“Less than dust” or “bui doi” is the derogatory phrase used to characterize children born of American troops with Vietnamese women as a result of the Johnson-Nixon War in Vietnam. So, the film “The Beautiful Country” (2004), directed by Norwegian Hans Petrer Moland and written by Sabina Murray and Lingard Jervey, tells the story of onesuch emigrant from Vietnam to the U.S. in 1990, in search of his father. The title refers to the perspective of the hero Binh (Damien Nguyen) who belongs to both countries and therefore to neither.

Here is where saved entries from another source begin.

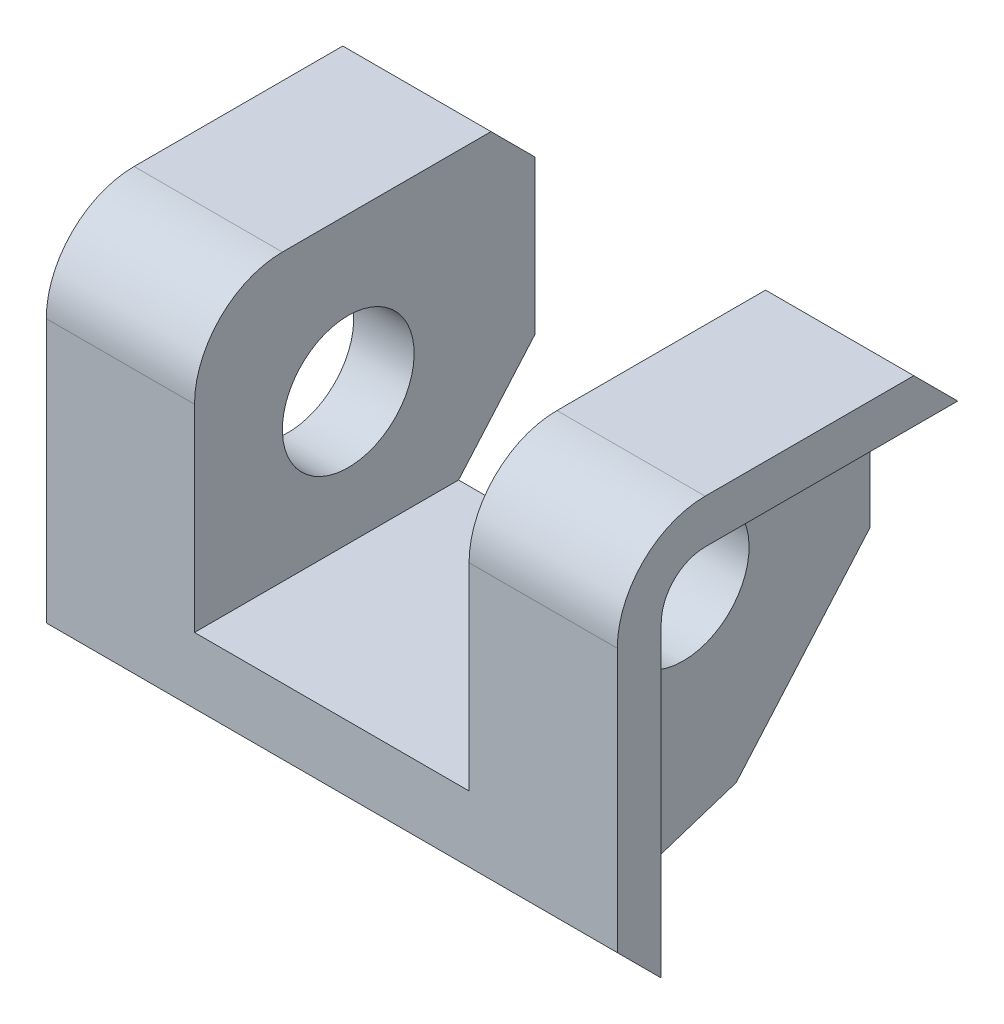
ISO-10303-21;
HEADER;
FILE_DESCRIPTION(('STEP AP214'),'2;1');
FILE_NAME('part.step','',(''),(''),'','','');
FILE_SCHEMA(('AUTOMOTIVE_DESIGN { 1 0 10303 214 1 1 1 1 }'));
ENDSEC;
DATA;
#1=APPLICATION_CONTEXT('core data for automotive mechanical design processes');
#2=APPLICATION_PROTOCOL_DEFINITION('international standard','automotive_design',2000,#1);
#3=PRODUCT_CONTEXT('',#1,'mechanical');
#4=PRODUCT('Part','Part','',(#3));
#5=PRODUCT_RELATED_PRODUCT_CATEGORY('part','',(#4));
#6=PRODUCT_DEFINITION_FORMATION('','',#4);
#7=PRODUCT_DEFINITION_CONTEXT('part definition',#1,'design');
#8=PRODUCT_DEFINITION('design','',#6,#7);
#9=PRODUCT_DEFINITION_SHAPE('','',#8);
#10=(LENGTH_UNIT() NAMED_UNIT(*) SI_UNIT(.MILLI.,.METRE.));
#11=(NAMED_UNIT(*) PLANE_ANGLE_UNIT() SI_UNIT($,.RADIAN.));
#12=(NAMED_UNIT(*) SI_UNIT($,.STERADIAN.) SOLID_ANGLE_UNIT());
#13=UNCERTAINTY_MEASURE_WITH_UNIT(LENGTH_MEASURE(1.E-05),#10,'distance_accuracy_value','');
#14=(GEOMETRIC_REPRESENTATION_CONTEXT(3) GLOBAL_UNCERTAINTY_ASSIGNED_CONTEXT((#13)) GLOBAL_UNIT_ASSIGNED_CONTEXT((#10,
#11,#12)) REPRESENTATION_CONTEXT('',''));
#15=CARTESIAN_POINT('',(0.,0.,0.));
#16=DIRECTION('',(0.,0.,1.));
#17=DIRECTION('',(1.,0.,0.));
#18=AXIS2_PLACEMENT_3D('',#15,#16,#17);
#19=CARTESIAN_POINT('',(-13.,-2.,-8.5));
#20=DIRECTION('',(0.,0.,-1.));
#21=DIRECTION('',(-1.,0.,0.));
#22=AXIS2_PLACEMENT_3D('',#19,#20,#21);
#23=PLANE('',#22);
#24=DIRECTION('',(0.,1.,0.));
#25=VECTOR('',#24,1.);
#26=CARTESIAN_POINT('',(6.25,-6.,-8.5));
#27=LINE('',#26,#25);
#28=CARTESIAN_POINT('',(6.25,-2.,-8.5));
#29=VERTEX_POINT('',#28);
#30=CARTESIAN_POINT('',(6.25,5.,-8.5));
#31=VERTEX_POINT('',#30);
#32=EDGE_CURVE('E199',#29,#31,#27,.T.);
#33=ORIENTED_EDGE('',*,*,#32,.T.);
#34=DIRECTION('',(1.,0.,0.));
#35=VECTOR('',#34,1.);
#36=CARTESIAN_POINT('',(-13.,5.,-8.5));
#37=LINE('',#36,#35);
#38=CARTESIAN_POINT('',(9.,5.,-8.5));
#39=VERTEX_POINT('',#38);
#40=EDGE_CURVE('E37',#31,#39,#37,.T.);
#41=ORIENTED_EDGE('',*,*,#40,.T.);
#42=DIRECTION('',(0.,1.,0.));
#43=VECTOR('',#42,1.);
#44=CARTESIAN_POINT('',(9.,-2.,-8.5));
#45=LINE('',#44,#43);
#46=CARTESIAN_POINT('',(9.,-2.,-8.5));
#47=VERTEX_POINT('',#46);
#48=EDGE_CURVE('E241',#47,#39,#45,.T.);
#49=ORIENTED_EDGE('',*,*,#48,.F.);
#50=DIRECTION('',(1.,0.,0.));
#51=VECTOR('',#50,1.);
#52=CARTESIAN_POINT('',(-13.,-2.,-8.5));
#53=LINE('',#52,#51);
#54=EDGE_CURVE('E329',#29,#47,#53,.T.);
#55=ORIENTED_EDGE('',*,*,#54,.F.);
#56=EDGE_LOOP('',(#33,#41,#49,#55));
#57=FACE_BOUND('',#56,.T.);
#58=ADVANCED_FACE('F14',(#57),#23,.T.);
#59=CARTESIAN_POINT('',(-13.,0.,0.));
#60=DIRECTION('',(1.,0.,0.));
#61=DIRECTION('',(0.,-1.,0.));
#62=AXIS2_PLACEMENT_3D('',#59,#60,#61);
#63=CYLINDRICAL_SURFACE('',#62,3.);
#64=CARTESIAN_POINT('',(6.25,0.,0.));
#65=DIRECTION('',(1.,0.,0.));
#66=DIRECTION('',(0.,-1.,0.));
#67=AXIS2_PLACEMENT_3D('',#64,#65,#66);
#68=CIRCLE('',#67,3.);
#69=CARTESIAN_POINT('',(6.25,-3.,0.));
#70=VERTEX_POINT('',#69);
#71=EDGE_CURVE('E215',#70,#70,#68,.T.);
#72=ORIENTED_EDGE('',*,*,#71,.F.);
#73=EDGE_LOOP('',(#72));
#74=FACE_BOUND('',#73,.T.);
#75=CARTESIAN_POINT('',(9.,0.,0.));
#76=DIRECTION('',(1.,0.,0.));
#77=DIRECTION('',(0.,-1.,0.));
#78=AXIS2_PLACEMENT_3D('',#75,#76,#77);
#79=CIRCLE('',#78,3.);
#80=CARTESIAN_POINT('',(9.,-3.,0.));
#81=VERTEX_POINT('',#80);
#82=EDGE_CURVE('E250',#81,#81,#79,.T.);
#83=ORIENTED_EDGE('',*,*,#82,.T.);
#84=EDGE_LOOP('',(#83));
#85=FACE_BOUND('',#84,.T.);
#86=ADVANCED_FACE('F455',(#74,#85),#63,.F.);
#87=CARTESIAN_POINT('',(-13.,3.,3.));
#88=DIRECTION('',(1.,0.,0.));
#89=DIRECTION('',(0.,-1.,0.));
#90=AXIS2_PLACEMENT_3D('',#87,#88,#89);
#91=CYLINDRICAL_SURFACE('',#90,4.);
#92=CARTESIAN_POINT('',(6.25,3.,3.));
#93=DIRECTION('',(1.,0.,0.));
#94=DIRECTION('',(0.,-1.,0.));
#95=AXIS2_PLACEMENT_3D('',#92,#93,#94);
#96=CIRCLE('',#95,4.);
#97=CARTESIAN_POINT('',(6.25,3.,7.));
#98=VERTEX_POINT('',#97);
#99=CARTESIAN_POINT('',(6.25,7.,3.));
#100=VERTEX_POINT('',#99);
#101=EDGE_CURVE('E213',#98,#100,#96,.F.);
#102=ORIENTED_EDGE('',*,*,#101,.F.);
#103=DIRECTION('',(1.,0.,0.));
#104=VECTOR('',#103,1.);
#105=CARTESIAN_POINT('',(-13.,3.,7.));
#106=LINE('',#105,#104);
#107=CARTESIAN_POINT('',(13.,3.,7.));
#108=VERTEX_POINT('',#107);
#109=EDGE_CURVE('E195',#98,#108,#106,.T.);
#110=ORIENTED_EDGE('',*,*,#109,.T.);
#111=CARTESIAN_POINT('',(13.,3.,3.));
#112=DIRECTION('',(1.,0.,0.));
#113=DIRECTION('',(0.,-1.,0.));
#114=AXIS2_PLACEMENT_3D('',#111,#112,#113);
#115=CIRCLE('',#114,4.);
#116=CARTESIAN_POINT('',(13.,7.,3.));
#117=VERTEX_POINT('',#116);
#118=EDGE_CURVE('E292',#117,#108,#115,.T.);
#119=ORIENTED_EDGE('',*,*,#118,.F.);
#120=DIRECTION('',(1.,0.,0.));
#121=VECTOR('',#120,1.);
#122=CARTESIAN_POINT('',(-13.,7.,3.));
#123=LINE('',#122,#121);
#124=EDGE_CURVE('E308',#100,#117,#123,.T.);
#125=ORIENTED_EDGE('',*,*,#124,.F.);
#126=EDGE_LOOP('',(#102,#110,#119,#125));
#127=FACE_BOUND('',#126,.T.);
#128=ADVANCED_FACE('F408',(#127),#91,.T.);
#129=CARTESIAN_POINT('',(-13.,7.,-8.5));
#130=DIRECTION('',(0.,1.,0.));
#131=DIRECTION('',(0.,0.,-1.));
#132=AXIS2_PLACEMENT_3D('',#129,#130,#131);
#133=PLANE('',#132);
#134=DIRECTION('',(0.,0.,-1.));
#135=VECTOR('',#134,1.);
#136=CARTESIAN_POINT('',(6.25,7.,-8.5));
#137=LINE('',#136,#135);
#138=CARTESIAN_POINT('',(6.25,7.,-6.5));
#139=VERTEX_POINT('',#138);
#140=EDGE_CURVE('E211',#100,#139,#137,.T.);
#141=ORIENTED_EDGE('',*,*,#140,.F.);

The film covers a lot of narrative in 125 minutes and moves quickly. Binh leaves the Communist countryside for Saigon and meets his mother and half-brother. The mother gets fired and they both work as domestics, before a bizarre accident forces them to flee. They wind up in a refugee camp in Malaysia and then to America on an underground boat-runninh operations. They experience being on half rations to stay alive.
Once in New York, Binh experiences slave-like conditions, with his mother’s marriage certificate as the only possible clue to finding his dad. He finds out in an offhand poker game that he is entitled to American citizenship and could have been entitled for free legal airline passage to the US as a compensation to the Vienamese people after the war. He eventually tracks down the ex-wife of his father in Houston, and then his blind dad in the ranch country around Sweetwater, TX.
As with the Mariel boatlift from Cuba and certain Soviet Jews, Vietnamese refugees have some legal advantages not possible today with refugees from Syria or other parts of the world. Still, the film fits in to a moral discussion of the obligations that well-off Americans might have to people in other parts of the world.
Nick Nolte plays the ranch owner, and Tim Roth plays the unscrupulous boat captain.
The DVD contains a 20-minute interview with the lead writer (Murray), who says she has written novels and is a researcher (living in Austin TX) but had never written a screenplay before; she was raised in Asia and was approached because of her professional background in the subject matter.
The film was distributed by Sony Pictures Classics. It can be rented on DVD from Netflix or from YouTube for $2.99.